Prerequisites: MATH 1132Q (Calulus II), MATH 1152Q (Honors Calculus II), or MATH 2142Q (Advanced Calculus II).
Textbook: David C. Lay’s “Linear Algebra and Its Application”, 6th edition. You should purchase the textbook from the UConn bookstore with the MyMathLab bundle.
Class: Tuesdays and Thursdays at 3:30-4:45PM in FSB 102.
Office hours: Tuesdays and Thursdays at 2:15-3:15PM on webex. You can access my webex link through HuskyCT.
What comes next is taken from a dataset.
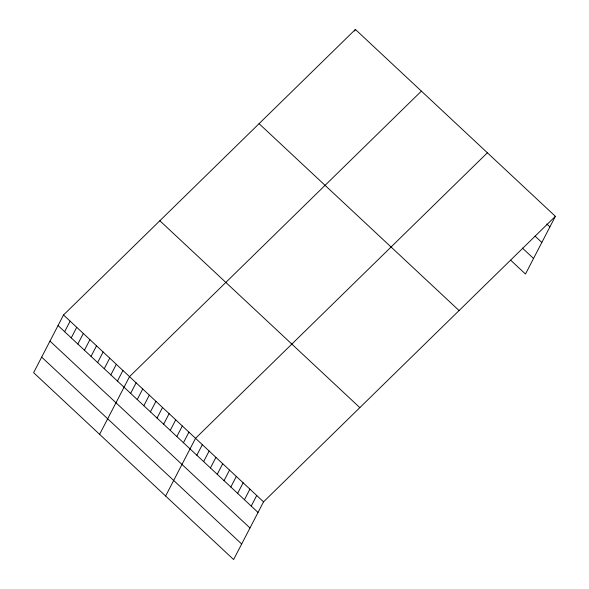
<?xml version="1.0" encoding="UTF-8"?>
<svg xmlns="http://www.w3.org/2000/svg" width="589" height="589" viewBox="0 0 589 589"><rect width="100%" height="100%" fill="white"/><g stroke="black" fill="none" stroke-linecap="round" stroke-linejoin="round"><path stroke-width="0.88" d="M63.524 314.975L33.617 372.675L233.612 559.55L263.526 501.85L555.383 216.325L355.388 29.45L63.524 314.975L263.526 501.85M64.643 331.717L70.128 321.145M71.247 337.88L76.725 327.307M77.844 344.05L83.321 333.477M84.441 350.219L89.926 339.647M91.045 356.382L96.522 345.809M97.641 362.552L103.127 351.979M104.246 368.721L109.723 358.141M110.842 374.884L116.328 364.311M117.447 381.054L122.924 370.481M99.615 434.343L129.521 376.643L421.385 91.118M130.64 393.386L136.125 382.813M137.244 399.556L142.722 388.983M143.841 405.718L149.326 395.145M150.445 411.888L155.923 401.315M354.541 31.077L355.388 29.45M157.042 418.05L162.527 407.478M163.646 424.22L169.124 413.647M170.243 430.39L175.721 419.817M176.84 436.552L182.325 425.98M183.444 442.722L188.922 432.149M165.619 496.012L195.526 438.312L487.383 152.787M196.844 455.245L202.321 444.666M203.639 461.599L209.124 451.019M210.442 467.953L215.92 457.373M217.245 474.307L222.723 463.727M224.041 480.661L229.526 470.081M230.844 487.015L236.322 476.435M237.639 493.368L243.124 482.789M244.442 499.722L249.92 489.142M251.245 506.076L256.723 495.496M555.383 216.325L525.476 274.025L510.641 260.161M546.813 224.011L549.905 226.898M535.04 236.093L541.843 242.447M522.406 248.072L533.538 258.475M259.072 123.675L459.067 310.55M159.84 220.75L359.835 407.632M58.046 325.548L258.041 512.43M49.984 341.097L249.979 527.98M41.679 357.125L241.674 544"/></g></svg>

The structure of this class might be different than what you are used to. Instead of lecturing in class and having you do homework at home, you will watch some video lectures at home and then we will mainly focus on solving problems in class. In the beginning of class, I will lecture a little bit to recap the video lectures if necessary, and then I will hand out worksheets for you to work on in groups or independently (whatever you prefer). During class, we will take breaks to discuss problems and check answers.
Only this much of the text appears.